The aim of this software is to aggregate the reported sightings in a way that prevents a colluding minority of participants to learn the number of sightings of any single party. It is not possible to defend against participants that submit a false number of sightings as input.
The solution is secure in the semi-honest model; this means that participants are expected to obey the protocol, but may try to extract as much information as possible. A number of checks are executed during the protocol to detect deviations from the instructions, but the system is currently not fully secure against malicious attackers, which may even attempt to deviate from the protocol to obtain secret information.
Implementation
The demonstrator is built in Python using the Shamir secret-sharing library from mpc.tno.nl. The, code, installation instructions and usage instructions can be found here. Further backgrounds (including a demonstration video) can be found here.
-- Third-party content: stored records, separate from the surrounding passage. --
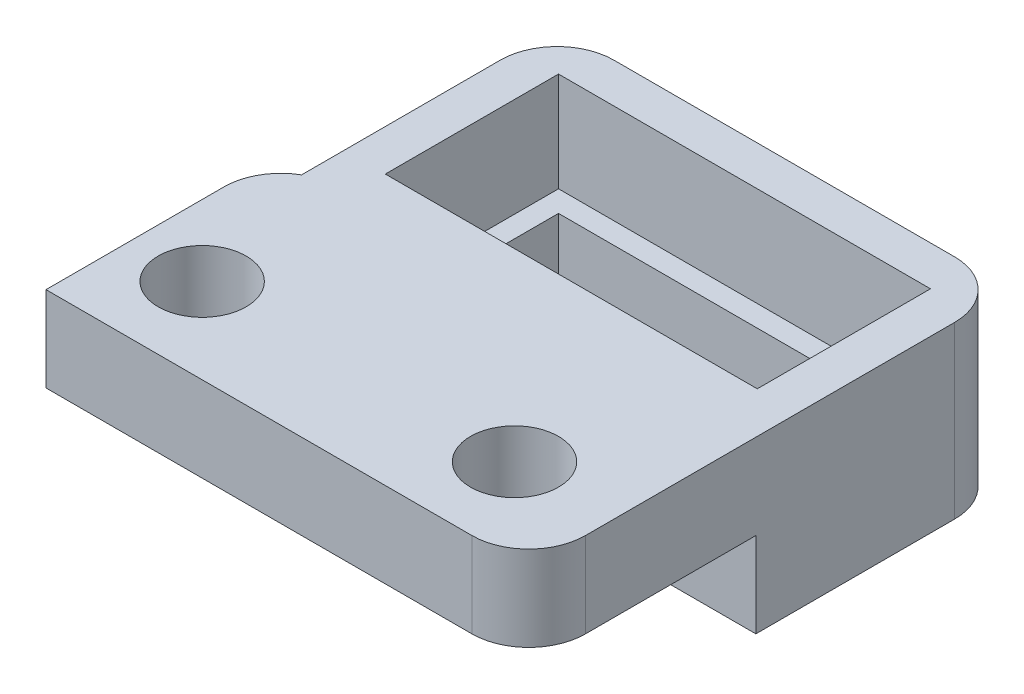
ISO-10303-21;
HEADER;
FILE_DESCRIPTION(('STEP AP214'),'2;1');
FILE_NAME('part.step','',(''),(''),'','','');
FILE_SCHEMA(('AUTOMOTIVE_DESIGN { 1 0 10303 214 1 1 1 1 }'));
ENDSEC;
DATA;
#1=APPLICATION_CONTEXT('core data for automotive mechanical design processes');
#2=APPLICATION_PROTOCOL_DEFINITION('international standard','automotive_design',2000,#1);
#3=PRODUCT_CONTEXT('',#1,'mechanical');
#4=PRODUCT('Part','Part','',(#3));
#5=PRODUCT_RELATED_PRODUCT_CATEGORY('part','',(#4));
#6=PRODUCT_DEFINITION_FORMATION('','',#4);
#7=PRODUCT_DEFINITION_CONTEXT('part definition',#1,'design');
#8=PRODUCT_DEFINITION('design','',#6,#7);
#9=PRODUCT_DEFINITION_SHAPE('','',#8);
#10=(LENGTH_UNIT() NAMED_UNIT(*) SI_UNIT(.MILLI.,.METRE.));
#11=(NAMED_UNIT(*) PLANE_ANGLE_UNIT() SI_UNIT($,.RADIAN.));
#12=(NAMED_UNIT(*) SI_UNIT($,.STERADIAN.) SOLID_ANGLE_UNIT());
#13=UNCERTAINTY_MEASURE_WITH_UNIT(LENGTH_MEASURE(1.E-05),#10,'distance_accuracy_value','');
#14=(GEOMETRIC_REPRESENTATION_CONTEXT(3) GLOBAL_UNCERTAINTY_ASSIGNED_CONTEXT((#13)) GLOBAL_UNIT_ASSIGNED_CONTEXT((#10,
#11,#12)) REPRESENTATION_CONTEXT('',''));
#15=CARTESIAN_POINT('',(0.,0.,0.));
#16=DIRECTION('',(0.,0.,1.));
#17=DIRECTION('',(1.,0.,0.));
#18=AXIS2_PLACEMENT_3D('',#15,#16,#17);
#19=CARTESIAN_POINT('',(0.,3.,0.));
#20=DIRECTION('',(0.,-1.,0.));
#21=DIRECTION('',(0.,0.,-1.));
#22=AXIS2_PLACEMENT_3D('',#19,#20,#21);
#23=PLANE('',#22);
#24=CARTESIAN_POINT('',(3.5,3.,-3.));
#25=DIRECTION('',(0.,1.,0.));
#26=DIRECTION('',(0.,0.,1.));
#27=AXIS2_PLACEMENT_3D('',#24,#25,#26);
#28=CIRCLE('',#27,1.55);
#29=CARTESIAN_POINT('',(3.5,3.,-1.45));
#30=VERTEX_POINT('',#29);
#31=EDGE_CURVE('E213',#30,#30,#28,.T.);
#32=ORIENTED_EDGE('',*,*,#31,.F.);
#33=EDGE_LOOP('',(#32));
#34=FACE_BOUND('',#33,.T.);
#35=CARTESIAN_POINT('',(14.5,3.,-3.));
#36=DIRECTION('',(0.,1.,0.));
#37=DIRECTION('',(0.,0.,1.));
#38=AXIS2_PLACEMENT_3D('',#35,#36,#37);
#39=CIRCLE('',#38,1.55);
#40=CARTESIAN_POINT('',(14.5,3.,-1.45));
#41=VERTEX_POINT('',#40);
#42=EDGE_CURVE('E219',#41,#41,#39,.T.);
#43=ORIENTED_EDGE('',*,*,#42,.F.);
#44=EDGE_LOOP('',(#43));
#45=FACE_BOUND('',#44,.T.);
#46=DIRECTION('',(0.,0.,1.));
#47=VECTOR('',#46,1.);
#48=CARTESIAN_POINT('',(2.,3.,-33.2788205960997));
#49=LINE('',#48,#47);
#50=CARTESIAN_POINT('',(2.,3.,-15.));
#51=VERTEX_POINT('',#50);
#52=CARTESIAN_POINT('',(2.,3.,-8.));
#53=VERTEX_POINT('',#52);
#54=EDGE_CURVE('E158',#51,#53,#49,.T.);
#55=ORIENTED_EDGE('',*,*,#54,.T.);
#56=CARTESIAN_POINT('',(3.,3.,-6.26794919243113));
#57=DIRECTION('',(0.,-1.,0.));
#58=DIRECTION('',(0.,0.,-1.));
#59=AXIS2_PLACEMENT_3D('',#56,#57,#58);
#60=CIRCLE('',#59,2.);
#61=CARTESIAN_POINT('',(1.,3.,-6.26794919243113));
#62=VERTEX_POINT('',#61);
#63=EDGE_CURVE('E11',#53,#62,#60,.F.);
#64=ORIENTED_EDGE('',*,*,#63,.T.);
#65=DIRECTION('',(0.,0.,-1.));
#66=VECTOR('',#65,1.);
#67=CARTESIAN_POINT('',(1.,3.,0.));
#68=LINE('',#67,#66);
#69=CARTESIAN_POINT('',(1.,3.,0.));
#70=VERTEX_POINT('',#69);
#71=EDGE_CURVE('E297',#70,#62,#68,.T.);
#72=ORIENTED_EDGE('',*,*,#71,.F.);
#73=DIRECTION('',(1.,0.,0.));
#74=VECTOR('',#73,1.);
#75=CARTESIAN_POINT('',(0.,3.,0.));
#76=LINE('',#75,#74);
#77=CARTESIAN_POINT('',(16.,3.,0.));
#78=VERTEX_POINT('',#77);
#79=EDGE_CURVE('E210',#70,#78,#76,.T.);
#80=ORIENTED_EDGE('',*,*,#79,.T.);
#81=CARTESIAN_POINT('',(16.,3.,-2.));
#82=DIRECTION('',(0.,-1.,0.));
#83=DIRECTION('',(0.,0.,-1.));
#84=AXIS2_PLACEMENT_3D('',#81,#82,#83);
#85=CIRCLE('',#84,2.);
#86=CARTESIAN_POINT('',(18.,3.,-2.));
#87=VERTEX_POINT('',#86);
#88=EDGE_CURVE('E193',#78,#87,#85,.F.);
#89=ORIENTED_EDGE('',*,*,#88,.T.);
#90=DIRECTION('',(0.,0.,-1.));
#91=VECTOR('',#90,1.);
#92=CARTESIAN_POINT('',(18.,3.,0.));
#93=LINE('',#92,#91);
#94=CARTESIAN_POINT('',(18.,3.,-15.));
#95=VERTEX_POINT('',#94);
#96=EDGE_CURVE('E207',#87,#95,#93,.T.);
#97=ORIENTED_EDGE('',*,*,#96,.T.);
#98=CARTESIAN_POINT('',(16.,3.,-15.));
#99=DIRECTION('',(0.,-1.,0.));
#100=DIRECTION('',(1.,0.,0.));
#101=AXIS2_PLACEMENT_3D('',#98,#99,#100);
#102=CIRCLE('',#101,2.);
#103=CARTESIAN_POINT('',(16.,3.,-17.));
#104=VERTEX_POINT('',#103);
#105=EDGE_CURVE('E313',#95,#104,#102,.F.);
#106=ORIENTED_EDGE('',*,*,#105,.T.);
#107=DIRECTION('',(-1.,0.,0.));
#108=VECTOR('',#107,1.);
#109=CARTESIAN_POINT('',(2.,3.,-17.));
#110=LINE('',#109,#108);
#111=CARTESIAN_POINT('',(4.,3.,-17.));
#112=VERTEX_POINT('',#111);
#113=EDGE_CURVE('E165',#104,#112,#110,.T.);
#114=ORIENTED_EDGE('',*,*,#113,.T.);
#115=CARTESIAN_POINT('',(4.,3.,-15.));
#116=DIRECTION('',(0.,-1.,0.));
#117=DIRECTION('',(1.,0.,0.));
#118=AXIS2_PLACEMENT_3D('',#115,#116,#117);
#119=CIRCLE('',#118,2.);
#120=EDGE_CURVE('E162',#112,#51,#119,.F.);
#121=ORIENTED_EDGE('',*,*,#120,.T.);
#122=EDGE_LOOP('',(#55,#64,#72,#80,#89,#97,#106,#114,#121));
#123=FACE_BOUND('',#122,.T.);
#124=DIRECTION('',(0.,0.,1.));
#125=VECTOR('',#124,1.);
#126=CARTESIAN_POINT('',(3.45,3.,-15.6));
#127=LINE('',#126,#125);
#128=CARTESIAN_POINT('',(3.45,3.,-15.6));
#129=VERTEX_POINT('',#128);
#130=CARTESIAN_POINT('',(3.45,3.,-9.5));
#131=VERTEX_POINT('',#130);
#132=EDGE_CURVE('E310',#129,#131,#127,.T.);
#133=ORIENTED_EDGE('',*,*,#132,.F.);
#134=DIRECTION('',(-1.,0.,0.));
#135=VECTOR('',#134,1.);
#136=CARTESIAN_POINT('',(3.45,3.,-15.6));
#137=LINE('',#136,#135);
#138=CARTESIAN_POINT('',(16.55,3.,-15.6));
#139=VERTEX_POINT('',#138);
#140=EDGE_CURVE('E307',#139,#129,#137,.T.);
#141=ORIENTED_EDGE('',*,*,#140,.F.);
#142=DIRECTION('',(0.,0.,-1.));
#143=VECTOR('',#142,1.);
#144=CARTESIAN_POINT('',(16.55,3.,-15.6));
#145=LINE('',#144,#143);
#146=CARTESIAN_POINT('',(16.55,3.,-9.5));
#147=VERTEX_POINT('',#146);
#148=EDGE_CURVE('E304',#147,#139,#145,.T.);
#149=ORIENTED_EDGE('',*,*,#148,.F.);
#150=DIRECTION('',(1.,0.,0.));
#151=VECTOR('',#150,1.);
#152=CARTESIAN_POINT('',(3.45,3.,-9.5));
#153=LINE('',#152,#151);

Since the software was developed within the EU’s Prometheus project, the PKI in the demonstrator is self-made and based on lattice-based standardization candidates from NIST’s PQC standardization competition. However, it is not suitable for operational applications. It is only suitable for simulation on one machine and for research purposes. Organizations using this protocol should replace it with a properly implemented and tested PKI.
Nonetheless, presented software can be used to get acquainted with the ideas behind SACTI. The performance of SACTi does not rely significantly on the used cryptography. Furthermore, we have attempted to write the software in such a way that a transition to a distributed run is relatively straightforward.
If you would like to get in touch with us about SACTI, we can be reached via our Slack channel.
Performance
Efficiency seems very promising, but demands for large CTI communities are very high. We are optimistic that these can be met with this solution, but we have no conclusive results. In particular, it has not been possible to properly simulated hundreds of parties.
The figures below were generated with a simulation of the entire community, consisting of the aggregator and all the participants, on a single machine. For the runtime dependence on the number of IoC we expect a linear behaviour, which is indeed clearly observed.
For the dependence on the number of parties the situation is not as clear. If $n
$ parties join the protocol run, every submitted value will be split in $n
$ shares. The amount of information a party must process increases linearly with the number of participants. Since we are simulating all $n
$ parties on a single machine, we expect a quadratically increasing runtime. However, the (small-scale) simulations indicate a faster expansion. This may be due to deficiencies in the code or clogging in the machine’s processing unit.
It should be mentioned that the simulation on a single machine does not suffer from communication delays that will occur in distributed simulations. Exploratory tests have indicated that the choice of cryptographic algorithms in the PKI have a negligible effect on the protocol’s performance.
Conclusion
Cyber threat intelligence can be aggregated securely with the help of secret sharing. To demonstrate this TNO has developed a protocol with a robust security and realistic run-times for communities of 100 participants and 10,000 of IoC’s. Although a full extension to the malicious security model has not (yet) been achieved and some improvement on the protocols improvement is desirable, we are confident that this is within reach. In this way we hope that communities can increase their awareness of cyber risks and improve their resilience.